I DO think the format has merit and I think the object system is crafty for speaker management. There's still the mix as heard on the original speaker system it was mixed on. 7.1.4 is hitting as default. (eg the Steve Wilson example) The concept of wanting to deliver the mix to a like speaker array 1:1 is still a thing. It doesn't downplay anything and in fact it's just the opposite. The system has the ability to deliver an original 7.1.4 mix to a 7.1.4 speaker array 1:1. That's a big deal and a hard starting point for a certain audience.

The restrictiveness is the only problem. Refusing to even sell the encoder subscription to outsiders is a hard call. That's what turned me off.
I don't disagree with some of your points as they relate to dealing with Dolby from the perspective of independent audio engineers.

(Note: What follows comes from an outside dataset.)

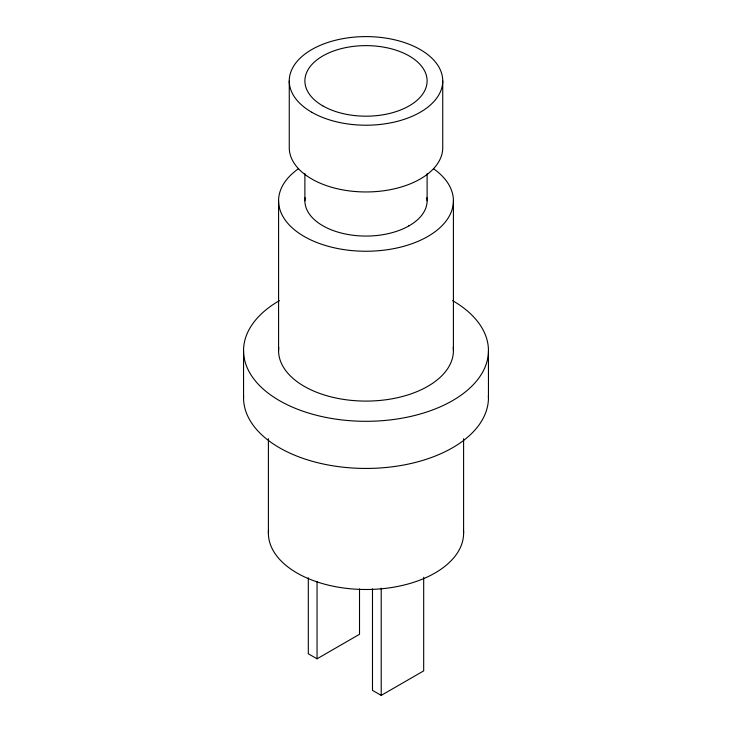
<?xml version="1.0" encoding="UTF-8"?>
<svg xmlns="http://www.w3.org/2000/svg" width="732" height="732" viewBox="0 0 732 732"><rect width="100%" height="100%" fill="white"/><g stroke="black" fill="none" stroke-linecap="round" stroke-linejoin="round"><path stroke-width="1.1" d="M308.318 577.713L308.318 653.768L317.048 658.809L359.513 634.287L359.513 588.885M372.487 588.803L372.487 690.358L381.216 695.4L423.682 670.878L423.682 577.31M408.703 225.429L409.215 225.731M488.454 350.619L488.454 397.75M463.594 438.706L463.594 533.143M453.419 200.778L453.419 350.619M442.741 80.904L442.741 147.654A76.741 44.304 0 0 1 366 191.958A76.741 44.304 0 0 1 289.259 147.654L289.259 80.904M427.113 173.649L427.113 200.778M381.216 588.135L381.216 695.4M317.048 581.62L317.048 658.809M304.887 173.649L304.887 200.778M278.581 200.778L278.581 350.619M268.406 438.706L268.406 533.143M243.546 350.619L243.546 397.75M463.447 530.005A97.594 56.346 0 0 1 366 589.498A97.594 56.346 0 0 1 268.553 530.005M488.4 395.591A122.454 70.702 0 0 1 366 468.443A122.454 70.702 0 0 1 243.6 395.591M452.586 300.623A122.454 70.702 0 0 1 452.586 400.605A122.454 70.702 0 0 1 279.414 400.605A122.454 70.702 0 0 1 279.414 300.623M453.236 347.334A87.419 50.471 0 0 1 366 401.09A87.419 50.471 0 0 1 278.764 347.334M433.564 168.753A87.419 50.471 0 0 1 425.759 237.616A87.419 50.471 0 0 1 306.241 237.616A87.419 50.471 0 0 1 298.436 168.753M426.884 197.713A61.113 35.282 0 0 1 366 236.061A61.113 35.282 0 0 1 305.116 197.713M311.731 112.234A76.741 44.304 0 0 0 440.124 92.378A76.741 44.304 0 0 0 346.135 38.11A76.741 44.304 0 0 0 311.731 112.234M322.785 105.856A61.113 35.282 0 0 0 425.027 90.036A61.113 35.282 0 0 0 350.18 46.83A61.113 35.282 0 0 0 322.785 105.856"/></g></svg>

It is a bit curious that they changed tact to require proof of a legitimate business to purchase the encoder required to produce a high resolution final product but my guess is that might be to try and mitigate cracked versions getting into the wild perhaps with some kind of watermarking.

You're focusing specifically on mixing music for surround and presumably understand Dolby is of course shooting far higher than that market, ie movies and television where the object oriented nature of the new design really becomes important because it scales to theaters with dozens of speakers where the previous channel based tech could not and offers consumers new and useful technology such as being able to manipulate the volume of the dialog in a program vs previously what was merely mixed to the center channel (ie the dialog and everything else).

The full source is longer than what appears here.